What the exercise asks - With the line containing "for centre, radius, start, end" as the start and the line containing "blk.add_arc(centre, radius, start, end, dxfattribs=at)" as the end, transcribe that span of the entries below exactly, including both.

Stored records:
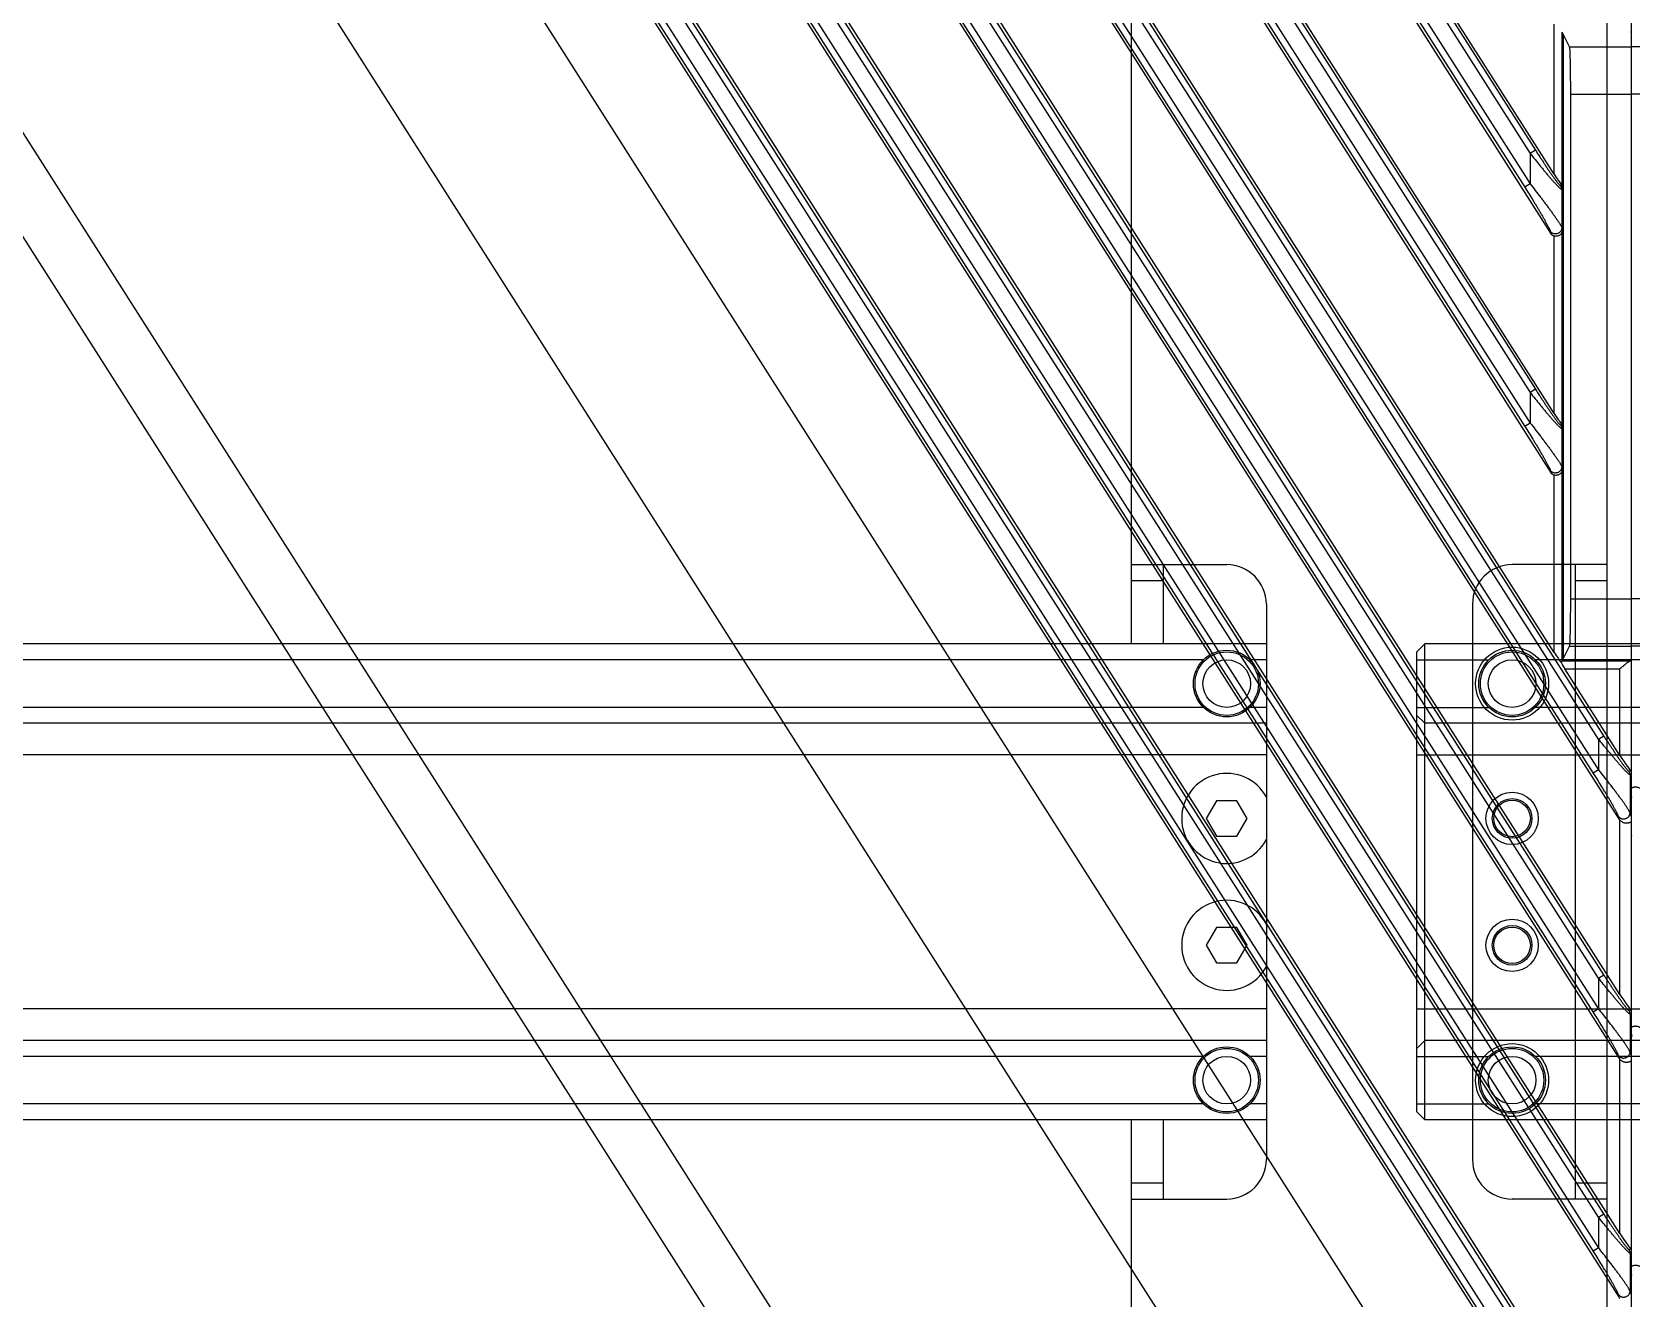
# Model space of a CAD drawing. Header units: millimetres. Extents: x 562 to 17351, y 2396 to 6995.
# Drawn here: x 12638 to 12738.8, y 5273.5 to 5353.3 of the extents above; entities that cross this region are included whole.
import ezdxf

# ---------------------------------------------------------------- set-up
doc = ezdxf.new("R2010")
doc.units = ezdxf.units.MM
doc.layers.add('02___PRT_ALL_AXES', color=7, linetype='Continuous')

# ---------------------------------------------------------------- blocks, each defined once
blk = doc.blocks.new('DTGCNV')
at = {"color": 7, "linetype": 'Continuous'}
for p, q in [((12716.62, 5010.2), (12716.62, 4673.2)), ((13136.22, 5009.5), (13315.88, 4727.48)), ((13315.92, 4731.52), (13138.83, 5009.5)), ((13145.82, 5009.5), (13315.88, 4742.55)), ((13315.92, 4746.59), (13148.43, 5009.5)), ((13155.43, 5009.5), (13315.88, 4757.63)), ((13311.78, 4768.16), (13158.03, 5009.5)), ((13165.03, 5009.5), (13311.54, 4779.53)), ((13311.78, 4783.23), (13167.64, 5009.5)), ((13174.63, 5009.5), (13311.54, 4794.6)), ((13316.62, 5010.2), (13316.62, 4672.7)), ((13314.23, 4730.42), (13137.44, 5007.93)), ((13314.57, 4730.63), (13137.77, 5008.15)), ((13314.57, 4732.55), (13138.99, 5008.15)), ((13314.9, 4732.76), (13139.33, 5008.36)), ((13314.23, 4745.49), (13147.04, 5007.93)), ((13314.57, 4745.71), (13147.38, 5008.15)), ((13314.57, 4747.62), (13148.6, 5008.15)), ((13314.9, 4747.84), (13148.93, 5008.36)), ((13314.23, 4760.57), (13156.64, 5007.93)), ((13314.57, 4760.78), (13156.98, 5008.15)), ((13314.57, 4762.7), (13158.2, 5008.15)), ((13314.9, 4762.91), (13158.54, 5008.36)), ((13166.25, 5007.93), (13309.92, 4782.41)), ((13166.58, 5008.15), (13310.26, 4782.62)), ((13167.8, 5008.15), (13310.26, 4784.54)), ((13168.14, 5008.36), (13310.59, 4784.75)), ((13175.85, 5007.93), (13309.92, 4797.49)), ((13176.19, 5008.15), (13310.26, 4797.7)), ((13177.41, 5008.15), (13310.26, 4799.62)), ((13177.74, 5008.36), (13310.59, 4799.83)), ((13122.27, 5005.36), (13314.22, 4704.06)), ((13129.33, 5005.24), (13315.88, 4712.4)), ((13315.92, 4716.44), (13131.86, 5005.36)), ((13311.78, 4798.31), (13179.88, 5005.36)), ((13298.05, 4708.98), (13109.91, 5004.31)), ((13314.23, 4715.34), (13130.58, 5003.62)), ((13314.57, 4715.56), (13130.91, 5003.84)), ((13314.57, 4717.47), (13132.13, 5003.84)), ((13314.9, 4717.69), (13132.47, 5004.05)), ((13149.85, 4903.45), (13275.55, 4706.13)), ((13273.33, 4703.11), (13194.98, 4826.09)), ((13311.78, 4798.31), (13311.78, 4807.77)), ((13312.75, 4806.35), (13312.28, 4807.27)), ((13312.28, 4797.48), (13312.28, 4807.27)), ((13312.37, 4767.8), (13312.37, 4807.1)), ((12720.49, 4806.35), (12716.62, 4806.35)), ((13312.75, 4806.35), (13316.62, 4806.35)), ((12720.42, 4803.35), (12716.62, 4803.35)), ((13312.82, 4803.35), (13316.62, 4803.35)), ((13312.82, 4771.54), (13312.82, 4803.35)), ((13310.59, 4799.83), (13310.26, 4799.62)), ((13310.26, 4799.62), (13310.26, 4797.7)), ((13310.26, 4797.7), (13309.92, 4797.49)), ((13312.19, 4797.57), (13312.21, 4797.67)), ((13312.28, 4797.48), (13312.26, 4797.36)), ((13312.26, 4797.36), (13312.26, 4794.93)), ((13311.52, 4794.72), (13311.54, 4794.6)), ((13312.26, 4794.93), (13312.28, 4794.72)), ((13312.28, 4782.41), (13312.28, 4794.72)), ((13311.78, 4783.23), (13311.78, 4794.43)), ((13310.59, 4784.75), (13310.26, 4784.54)), ((13310.26, 4784.54), (13310.26, 4782.62)), ((13310.26, 4782.62), (13309.92, 4782.41)), ((13312.21, 4782.6), (13312.19, 4782.5)), ((13312.28, 4782.41), (13312.26, 4782.28)), ((13312.26, 4782.28), (13312.26, 4779.86)), ((13311.52, 4779.65), (13311.54, 4779.53)), ((13312.26, 4779.86), (13312.28, 4779.65)), ((13312.28, 4767.62), (13312.28, 4779.65)), ((13311.78, 4768.16), (13311.78, 4779.35)), ((12720.42, 4771.54), (12716.62, 4771.54)), ((13312.82, 4771.54), (13316.62, 4771.54)), ((12720.49, 4768.55), (12716.62, 4768.55)), ((13312.28, 4767.62), (13312.75, 4768.55)), ((13312.75, 4768.55), (13316.62, 4768.55)), ((13312.2, 4767.54), (13312.28, 4767.62)), ((13312.28, 4767.62), (13316.58, 4767.62)), ((13312.44, 4767.12), (13315.92, 4767.12)), ((13315.92, 4761.67), (13312.44, 4767.12)), ((13315.92, 4761.67), (13315.92, 4767.12)), ((13314.57, 4762.7), (13314.9, 4762.91)), ((13314.57, 4762.7), (13314.57, 4760.78)), ((13314.23, 4760.57), (13314.57, 4760.78)), ((13316.61, 4760.68), (13316.5, 4760.65)), ((13316.62, 4760.45), (13316.56, 4760.44)), ((13316.56, 4760.44), (13316.56, 4758.04)), ((12716.68, 4759.02), (12716.62, 4759.22)), ((13315.88, 4757.63), (13315.82, 4757.83)), ((13315.92, 4746.59), (13315.92, 4757.58)), ((13316.62, 4757.84), (13316.56, 4758.04)), ((12716.68, 4756.63), (12716.62, 4756.61)), ((13314.57, 4747.62), (13314.9, 4747.84)), ((13314.57, 4747.62), (13314.57, 4745.71)), ((13314.23, 4745.49), (13314.57, 4745.71)), ((13316.61, 4745.61), (13316.5, 4745.57)), ((13316.62, 4745.38), (13316.56, 4745.36)), ((13316.56, 4745.36), (13316.56, 4742.97)), ((12716.62, 4744.15), (12716.68, 4743.95)), ((13315.88, 4742.55), (13315.82, 4742.75)), ((13315.92, 4731.52), (13315.92, 4742.51)), ((13316.62, 4742.77), (13316.56, 4742.97)), ((12716.62, 4741.54), (12716.68, 4741.55)), ((13314.57, 4732.55), (13314.9, 4732.76)), ((13314.57, 4732.55), (13314.57, 4730.63)), ((13314.23, 4730.42), (13314.57, 4730.63)), ((13316.61, 4730.53), (13316.5, 4730.5)), ((13316.62, 4730.3), (13316.56, 4730.29)), ((13316.56, 4730.29), (13316.56, 4727.89)), ((12716.68, 4728.87), (12716.62, 4729.07)), ((13315.88, 4727.48), (13315.82, 4727.68)), ((13316.62, 4727.69), (13316.56, 4727.89))]:
    blk.add_line(p, q, dxfattribs=at)
for centre, radius, start, end in [((13311.86, 4797.36), 0.396, 0.208, 32.9741), ((13311.86, 4782.28), 0.396, 0.208, 32.9741), ((13316.16, 4760.43), 0.402, 0.1282, 32.3718), ((13316.16, 4745.36), 0.402, 0.1282, 32.3718), ((13316.16, 4730.28), 0.402, 0.1282, 32.3718)]:
    blk.add_arc(centre, radius, start, end, dxfattribs=at)
for centre, major_axis, ratio, start_param, end_param in [((12717.32, 4807.26), (0.7, 0), 0.052408, 2.812592, 3.141593), ((13311.78, 4807.27), (0.5, 0), 0.052408, 0.02618, 0.05236), ((13315.92, 4807.26), (0.7, 0), 0.052408, 0, 0.329), ((13312.74, 4803.35), (0, 3), 0.026186, -1.570796, -0.05236), ((13311.78, 4798.39), (-0.499, 0.789), 0.046753, -4.638574, -3.601913), ((13311.87, 4794.82), (-0.052, 0.405), 0.97951, -4.264838, -3.490965), ((13311.78, 4783.31), (-0.499, 0.789), 0.046753, -4.638574, -3.601913), ((13311.87, 4779.75), (-0.052, 0.405), 0.97951, -4.264838, -3.490965), ((13312.74, 4771.54), (0, 3), 0.026186, -3.089233, -1.570796), ((12717.32, 4767.63), (0.7, 0), 0.052408, 3.141593, 3.470593), ((13311.78, 4768.24), (-0.499, 0.789), 0.046753, -4.638574, -3.652279), ((13312.5, 4767.12), (-0.321, 0.499), 0.073624, 0.537273, 1.523567), ((13311.78, 4767.62), (0.5, 0), 0.052408, -0.05236, -0.02618), ((13315.92, 4767.63), (0.7, 0), 0.052408, -0.329, 0), ((13315.92, 4761.78), (-0.7, 1.1), 0.046753, -4.638574, -3.259594), ((13316.22, 4757.85), (-0.117, 0.402), 0.954439, -4.415997, -4.276035), ((13315.92, 4746.71), (-0.7, 1.1), 0.046753, -4.638574, -3.259594), ((13316.22, 4742.78), (-0.117, 0.402), 0.954439, -4.415997, -4.276035), ((13315.92, 4731.63), (-0.7, 1.1), 0.046753, -4.638574, -3.259594), ((13316.22, 4727.7), (-0.117, 0.402), 0.954439, -4.415997, -4.276035)]:
    blk.add_ellipse(centre, major_axis=major_axis, ratio=ratio, start_param=start_param, end_param=end_param, dxfattribs=at)
for points, knots in [([(13310.59, 4799.83), (13310.67, 4799.71), (13310.79, 4799.52), (13310.95, 4799.28), (13311.07, 4799.1), (13311.18, 4798.92), (13311.3, 4798.74), (13311.42, 4798.57), (13311.53, 4798.4), (13311.63, 4798.26), (13311.7, 4798.16), (13311.76, 4798.08), (13311.81, 4798.01), (13311.86, 4797.94), (13311.92, 4797.87), (13311.96, 4797.81), (13312.01, 4797.75), (13312.05, 4797.7), (13312.09, 4797.65), (13312.12, 4797.62), (13312.14, 4797.6), (13312.15, 4797.59), (13312.16, 4797.58), (13312.17, 4797.57), (13312.18, 4797.57), (13312.18, 4797.56), (13312.19, 4797.56), (13312.19, 4797.57), (13312.19, 4797.57), (13312.19, 4797.57), (13312.19, 4797.57), (13312.19, 4797.57)], [0, 0, 0, 0, 0.15694, 0.235083, 0.312792, 0.389889, 0.466133, 0.541222, 0.614757, 0.686184, 0.720877, 0.754726, 0.78758, 0.819246, 0.849499, 0.878053, 0.90457, 0.928641, 0.949798, 0.96753, 0.974953, 0.981338, 0.986644, 0.990849, 0.993984, 0.99519, 0.9962, 0.997085, 0.997946, 0.99889, 1, 1, 1, 1]), ([(13310.26, 4799.62), (13310.36, 4799.49), (13310.57, 4799.23), (13310.83, 4798.91), (13311.03, 4798.66), (13311.18, 4798.48), (13311.33, 4798.3), (13311.48, 4798.13), (13311.6, 4797.99), (13311.69, 4797.89), (13311.76, 4797.82), (13311.83, 4797.74), (13311.89, 4797.68), (13311.95, 4797.61), (13312, 4797.56), (13312.06, 4797.5), (13312.1, 4797.46), (13312.14, 4797.42), (13312.18, 4797.39), (13312.2, 4797.38), (13312.21, 4797.37), (13312.22, 4797.36), (13312.23, 4797.35), (13312.24, 4797.35), (13312.25, 4797.35), (13312.25, 4797.35), (13312.25, 4797.35), (13312.26, 4797.35), (13312.26, 4797.36), (13312.26, 4797.36)], [0, 0, 0, 0, 0.163599, 0.325517, 0.405208, 0.483611, 0.560291, 0.634699, 0.706102, 0.740385, 0.773533, 0.805367, 0.835691, 0.864271, 0.890851, 0.915138, 0.936821, 0.955575, 0.97109, 0.977548, 0.983108, 0.987753, 0.991491, 0.994362, 0.995508, 0.996494, 0.997369, 0.998198, 1, 1, 1, 1]), ([(13310.26, 4797.7), (13310.37, 4797.56), (13310.58, 4797.29), (13310.85, 4796.94), (13311.06, 4796.67), (13311.21, 4796.47), (13311.36, 4796.27), (13311.51, 4796.07), (13311.64, 4795.89), (13311.77, 4795.7), (13311.9, 4795.53), (13311.99, 4795.39), (13312.06, 4795.29), (13312.1, 4795.22), (13312.14, 4795.16), (13312.18, 4795.1), (13312.21, 4795.05), (13312.23, 4795.01), (13312.24, 4794.98), (13312.25, 4794.96), (13312.25, 4794.95), (13312.26, 4794.94), (13312.26, 4794.93)], [0, 0, 0, 0, 0.154445, 0.30727, 0.382534, 0.456692, 0.529432, 0.600377, 0.669045, 0.734822, 0.796897, 0.854183, 0.880595, 0.905226, 0.927827, 0.94811, 0.965769, 0.980485, 0.986646, 0.991965, 0.996419, 1, 1, 1, 1]), ([(13312.28, 4797.48), (13312.28, 4797.5), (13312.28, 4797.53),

Answer to this exercise -
for centre, radius, start, end in [((13311.86, 4797.36), 0.396, 0.208, 32.9741), ((13311.86, 4782.28), 0.396, 0.208, 32.9741), ((13316.16, 4760.43), 0.402, 0.1282, 32.3718), ((13316.16, 4745.36), 0.402, 0.1282, 32.3718), ((13316.16, 4730.28), 0.402, 0.1282, 32.3718)]:
    blk.add_arc(centre, radius, start, end, dxfattribs=at)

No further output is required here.